Ans- Yes, it is safe to take education loans from NBFCs, as they are regulated under the Company Act 1956.
Q.2) What are the disadvantages of taking out a loan from NBFC?
Ans- Of course, there are also drawbacks to taking out a loan from an NBFC. As they are not regulated like banks, they may not give you the same level of protection. This could put you at risk if something goes wrong with your loan or if the company goes out of business.
Q.3) Which NBFC is best for education loans?
Ans- NBFCs like Auxilo, Avanse, Credilla, Credence, Prodigy, and MPower Finance are safe and best for an education loan.
Q.4) Who is eligible for NBFC loan?
Ans- To be eligible for an NBFC education loan, you should be at least 20 years of age, have a good credit score, and should have a co-applicant if not salaried.

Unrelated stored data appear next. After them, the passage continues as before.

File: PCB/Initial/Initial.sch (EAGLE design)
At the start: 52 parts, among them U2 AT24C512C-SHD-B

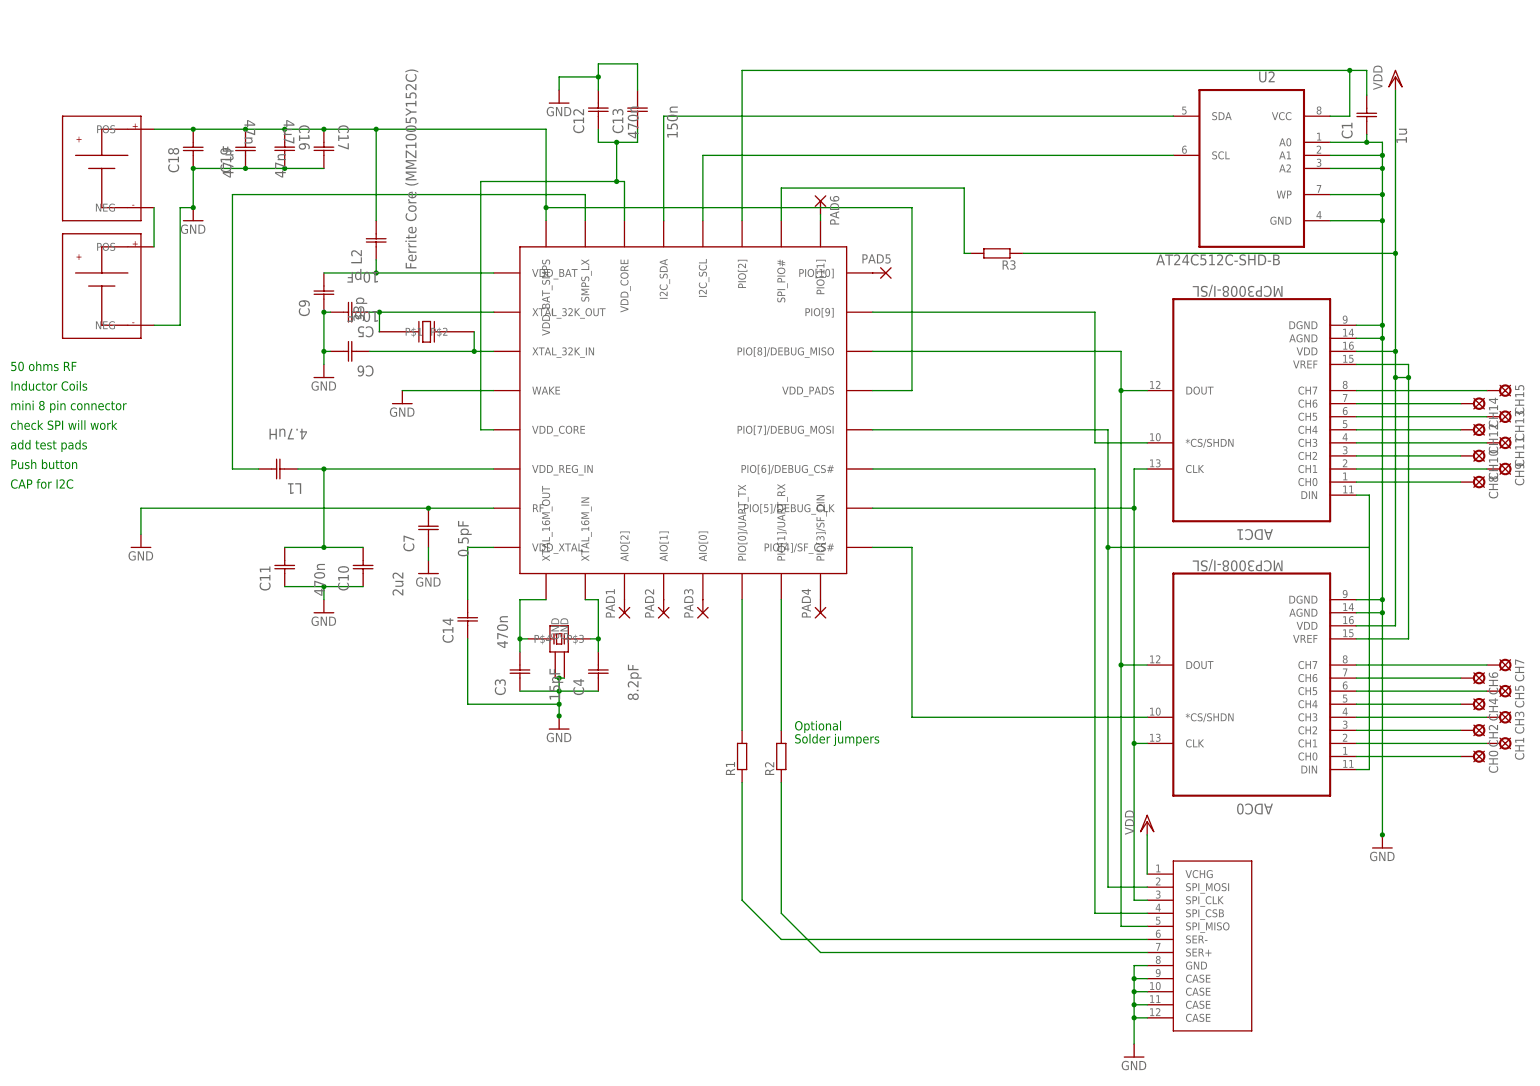
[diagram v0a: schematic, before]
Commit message: using project to link schem and board. Need RF still
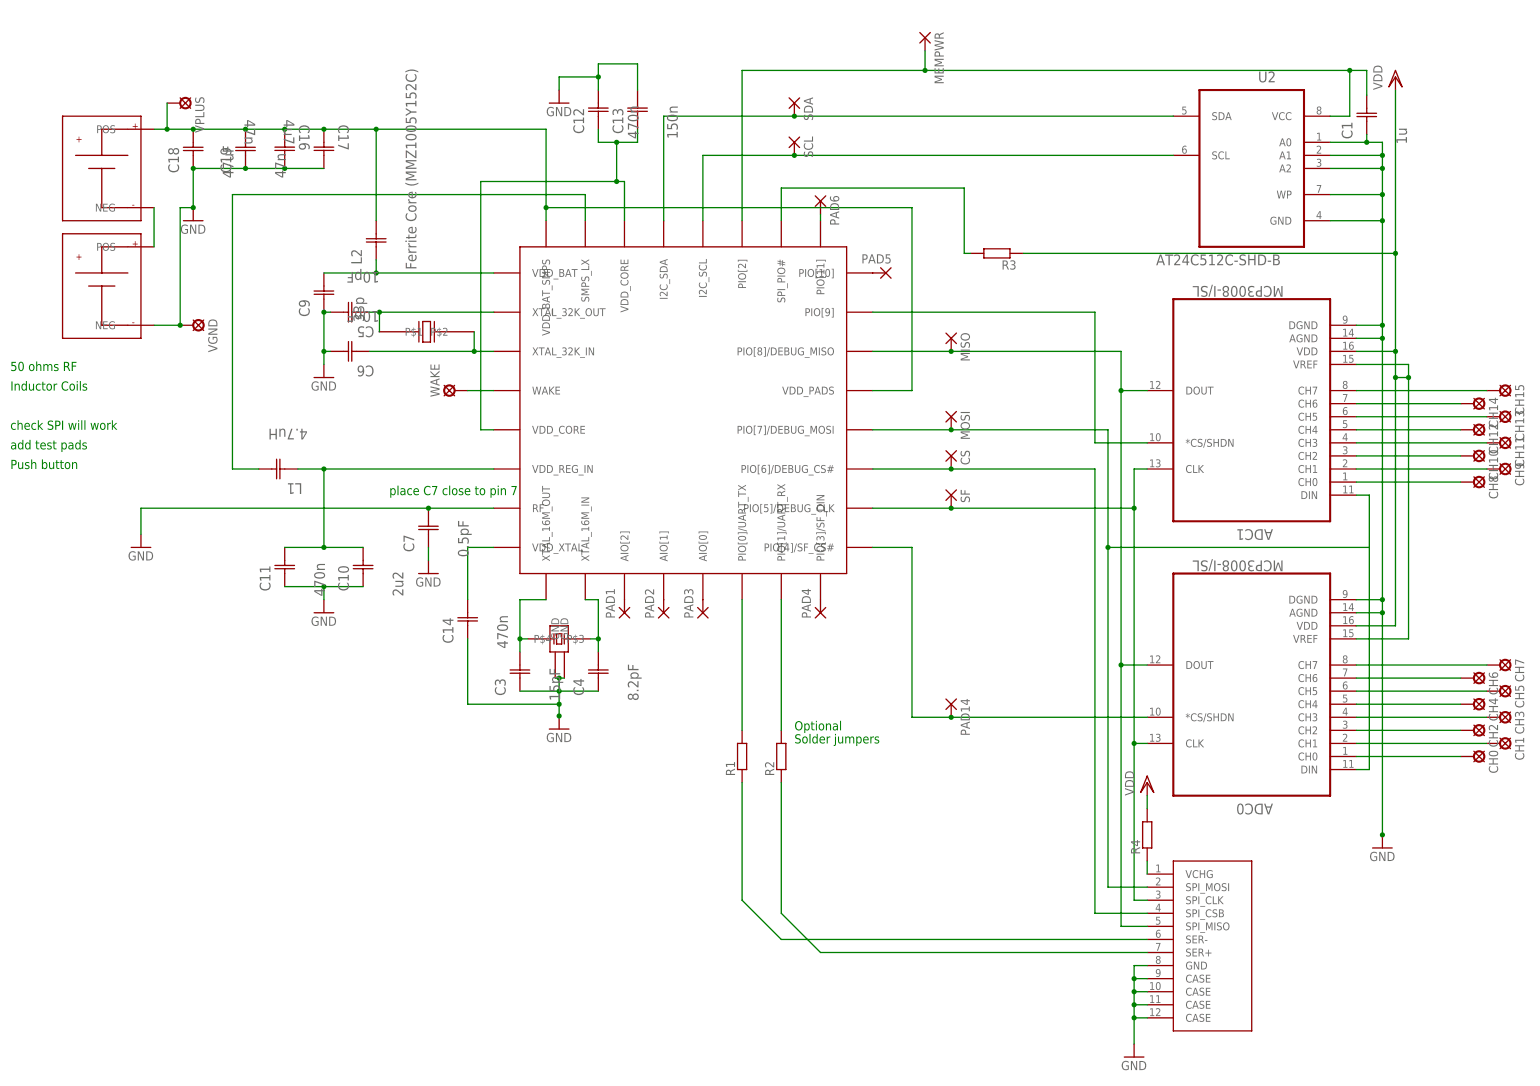
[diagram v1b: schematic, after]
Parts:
- added CS, MEMPWR, MISO, MOSI, PAD14, SCL, SDA, SF: (no value), wirepad:1,6/0,8
- added R4: (no value), resistor-shunt:BVS
- added VGND: LSP10, solpad:LSP10
- added VPLUS, WAKE: Vrail, solpad:LSP10
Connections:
- new net N$40: R4.2, U$2.VCHG
- new net N$49: U$1.WAKE, WAKE.MP
- net GND: now also VGND.MP; no longer U$1.WAKE
- net N$17: now also SDA.P
- net N$18: now also SCL.P
- net N$21: now also SF.P
- net N$22: now also MISO.P
- net N$23: now also MOSI.P
- net N$25: now also PAD14.P
- net N$31: now also CS.P
- net N$34: now also VPLUS.MP
- net N$46: now also MEMPWR.P
- net VDD: now also R4.1; no longer U$2.VCHG
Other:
- note added: "place C7 close to pin 7"
- note removed: "CAP for I2C"
- note removed: "mini 8 pin connector"

Q.5) Is NBFC better than banks?
Ans- Though NBFCs are not regulated like banks, they are flexible in terms of eligibility, documentation, etc. Additionally, the loan approval time is faster than banks. However, it depends upon your financial appetite and requirements to decide.
Q.6) What is the major difference between bank and NBFC?
Ans- While a bank is an authorised government entity offering banking services, an NBFC is a company providing similar services to the public without possessing a banking license.
Q.7) Which is better bank or NBFC?
Ans- Banks typically provide lower interest rates owing to their access to cost-effective funds, whereas NBFCs may offer greater flexibility in eligibility criteria and documentation requirements. Choosing between the 2 depends on your financial requirements and study abroad plan.